## WHAT YOU HAVE TO DO:
In the listing below, print exactly the lines between the line holding "# Sketch6 →" and the line holding "[boss_extrude3_tool.faces().sort_by_distance(p)[0] for p", inclusive, and no more.
• • • •
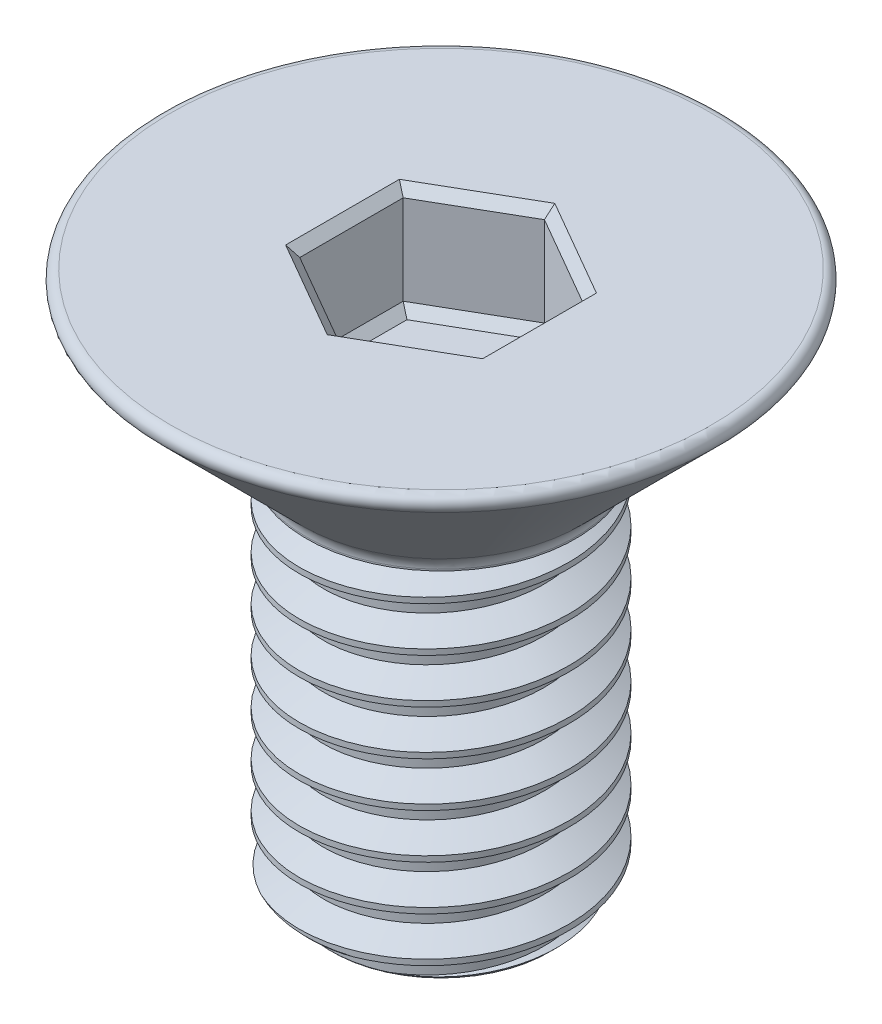
from build123d import *

# Parameters (mm, degrees)
SKETCH1_R           = 1.5
BOSS_EXTRUDE1_DEPTH = 4.14
THREAD1_PITCH       = 0.5
SKETCH5_R           = 1.5
BOSS_EXTRUDE2_DEPTH = 0.1
SKETCH6_R           = 1.5
BOSS_EXTRUDE3_DEPTH = 1.76
BOSS_EXTRUDE3_DRAFT = -45
FILLET1_R           = 0.1
FILLET2_R           = 0.2
CUT_EXTRUDE1_DEPTH  = 1.1
CHAMFER1_SIZE       = 0.1
CUT_EXTRUDE2_DEPTH  = 0.1
CUT_EXTRUDE2_DRAFT  = -45


with BuildPart() as part:
    # Sketch1 → Boss-Extrude1 (new body)
    with BuildSketch(Plane(origin=(0, 0, 0), x_dir=(1, 0, 0), z_dir=(0, 1, 0))):
        with Locations(Location((0, 0, 0), (0, 0, 270))):
            Circle(SKETCH1_R)
    extrude(amount=BOSS_EXTRUDE1_DEPTH)

    # Thread1: the profile of Thread Profile1 profile screwed along a right-hand helix of 10.28 turns, 6 arcs to a turn; built about Z, then put on its axis
    thread1_z = Axis((0, 0, 0), (0, 0, 1))
    thread1_corners = [(1.5003, 0, -0.000173205), (1.5003, 0, 0.437673204), (1.229367063, 0, 0.281249999), (1.229367063, 0, 0.156249999)]
    with BuildLine(mode=Mode.PRIVATE) as thread1_profile:
        Line(thread1_corners[0], thread1_corners[1])
        Line(thread1_corners[1], thread1_corners[2])
        Line(thread1_corners[2], thread1_corners[3])
        Line(thread1_corners[3], thread1_corners[0])
    thread1_cap = Face(thread1_profile.wire())
    thread1_turn_angles = [0, 30, 60, 90, 120, 150, 180, 210, 240, 270, 300, 330, 360]
    thread1_turn_weights = [1, 0.8660254037844387, 1, 0.8660254037844387, 1, 0.8660254037844387, 1, 0.8660254037844387, 1, 0.8660254037844387, 1, 0.8660254037844387, 1]
    thread1_turn_rails = [Edge.make_bspline([Vector(p[0], p[1], 0).rotate(thread1_z, thread1_turn_angles[k]) / thread1_turn_weights[k] + Vector(0, 0, p[2] + THREAD1_PITCH * thread1_turn_angles[k] / 360) for k in range(13)], [0, 0, 0, 1, 1, 2, 2, 3, 3, 4, 4, 5, 5, 6, 6, 6], 2, thread1_turn_weights) for p in thread1_corners]
    thread1_turn_sides = [Face.make_surface_from_curves(thread1_turn_rails[p[0]], thread1_turn_rails[p[1]]) for p in [(0, 1), (1, 2), (2, 3), (3, 0)]]
    thread1_last_angles = [3600, 3630, 3660, 3680.4, 3700.8]
    thread1_last_weights = [1, 0.8660254037844387, 1, 0.9372819894918909, 1]
    thread1_last_rails = [Edge.make_bspline([Vector(p[0], p[1], 0).rotate(thread1_z, thread1_last_angles[k]) / thread1_last_weights[k] + Vector(0, 0, p[2] + THREAD1_PITCH * thread1_last_angles[k] / 360) for k in range(5)], [0, 0, 0, 1, 1, 2, 2, 2], 2, thread1_last_weights) for p in thread1_corners]
    thread1_last_sides = [Face.make_surface_from_curves(thread1_last_rails[p[0]], thread1_last_rails[p[1]]) for p in [(0, 1), (1, 2), (2, 3), (3, 0)]]
    thread1 = Plane(origin=(0, 5.14, 0), x_dir=(-1, 0, 0), z_dir=(0, -1, 0)) * Solid(Shell([*[p.moved(Location((0, 0, THREAD1_PITCH * i))) for i in range(10) for p in thread1_turn_sides], *thread1_last_sides, thread1_cap, thread1_cap.rotate(thread1_z, 3700.8).moved(Location((0, 0, THREAD1_PITCH * 3700.8 / 360)))]))
    add(thread1, mode=Mode.SUBTRACT)

    # Sketch5 → Boss-Extrude2 (add)
    with BuildSketch(Plane(origin=(0, 4.14, 0), x_dir=(1, 0, 0), z_dir=(0, 1, 0))):
        with Locations(Location((0, 0, 0), (0, 0, 79.630240194))):
            Circle(SKETCH5_R)
    extrude(amount=BOSS_EXTRUDE2_DEPTH)


with BuildPart() as boss_extrude3_tool:
    # Sketch6 → Boss-Extrude3 (with draft: the straight prism first)
    with BuildSketch(Plane(origin=(0, 4.24, 0), x_dir=(1, 0, 0), z_dir=(0, 1, 0))):
        with Locations(Location((0, 0, 0), (0, 0, 79.630240194))):
            Circle(SKETCH6_R)
    extrude(amount=BOSS_EXTRUDE3_DEPTH)
    # Boss-Extrude3: the draft: its side faces are tilted about the plane it starts from
    boss_extrude3_sides = [boss_extrude3_tool.faces().sort_by_distance(p)[0] for p in [
        (-0.27, 5.12, 1.475499915),
    ]]
    draft(boss_extrude3_sides, Plane(origin=(0, 4.24, 0), x_dir=(1, 0, 0), z_dir=(0, 1, 0)), BOSS_EXTRUDE3_DRAFT)


with BuildPart() as part_1:
    add(part.part)

    # Boss-Extrude3: add boss_extrude3_tool
    add(boss_extrude3_tool.part)

    # Sketch7 → Cut-Revolve1 (revolve, cut)
    with BuildSketch(Plane.XY, mode=Mode.PRIVATE) as cut_revolve1_sk:
        Polygon((1.51, 0), (1.51, 0.3), (1.21, 0), align=None)
    revolve(cut_revolve1_sk.sketch.rotate(Axis((0, 0, 0), (0, 1, 0)), 135.522486844), axis=Axis((0, 0, 0), (0, 1, 0)), mode=Mode.SUBTRACT)

    # Fillet1
    fillet1_edges = [part_1.edges().sort_by_distance(p)[0] for p in [
        (-0.5868, 6, 3.206753149),
    ]]
    fillet(fillet1_edges, radius=FILLET1_R)

    # Fillet2
    fillet2_edges = [part_1.edges().sort_by_distance(p)[0] for p in [
        (-0.27, 4.24, 1.475499915),
    ]]
    fillet(fillet2_edges, radius=FILLET2_R)

    # Sketch8 → Cut-Extrude1 (cut)
    with BuildSketch(Plane(origin=(0, 6, 0), x_dir=(1, 0, 0), z_dir=(0, 1, 0))):
        Polygon((0, 1.154700538), (-1, 0.577350269), (-1, -0.577350269), (0, -1.154700538), (1, -0.577350269), (1, 0.577350269), align=None)
    extrude(amount=-CUT_EXTRUDE1_DEPTH, mode=Mode.SUBTRACT)

    # Chamfer1
    chamfer1_edges = [part_1.edges().sort_by_distance(p)[0] for p in [
        (0.5, 6, -0.866025404),
        (-0.5, 6, -0.866025404),
        (-1, 6, 0),
        (-0.5, 6, 0.866025404),
        (0.5, 6, 0.866025404),
        (1, 6, 0),
    ]]
    chamfer(chamfer1_edges, length=CHAMFER1_SIZE)


with BuildPart() as cut_extrude2_tool:
    # Sketch9 → Cut-Extrude2 (with draft: the straight prism first)
    with BuildSketch(Plane(origin=(0, 4.9, 0), x_dir=(1, 0, 0), z_dir=(0, 1, 0))):
        Polygon((0, 1.154700538), (-1, 0.577350269), (-1, -0.577350269), (0, -1.154700538), (1, -0.577350269), (1, 0.577350269), align=None)
    extrude(amount=-CUT_EXTRUDE2_DEPTH)
    # Cut-Extrude2: the draft: its side faces are tilted about the plane it starts from
    cut_extrude2_sides = [cut_extrude2_tool.faces().sort_by_distance(p)[0] for p in [
        (-0.5, 4.85, -0.866025404),
        (-1, 4.85, 0),
        (-0.5, 4.85, 0.866025404),
        (0.5, 4.85, 0.866025404),
        (1, 4.85, 0),
        (0.5, 4.85, -0.866025404),
    ]]
    draft(cut_extrude2_sides, Plane(origin=(0, 4.9, 0), x_dir=(1, 0, 0), z_dir=(0, 1, 0)), CUT_EXTRUDE2_DRAFT)


with BuildPart() as part_2:
    add(part_1.part)

    # Cut-Extrude2: cut by cut_extrude2_tool
    add(cut_extrude2_tool.part, mode=Mode.SUBTRACT)


solid = part_2.part
• • • •
## COMPLETED EXERCISE:
    # Sketch6 → Boss-Extrude3 (with draft: the straight prism first)
    with BuildSketch(Plane(origin=(0, 4.24, 0), x_dir=(1, 0, 0), z_dir=(0, 1, 0))):
        with Locations(Location((0, 0, 0), (0, 0, 79.630240194))):
            Circle(SKETCH6_R)
    extrude(amount=BOSS_EXTRUDE3_DEPTH)
    # Boss-Extrude3: the draft: its side faces are tilted about the plane it starts from
    boss_extrude3_sides = [boss_extrude3_tool.faces().sort_by_distance(p)[0] for p in [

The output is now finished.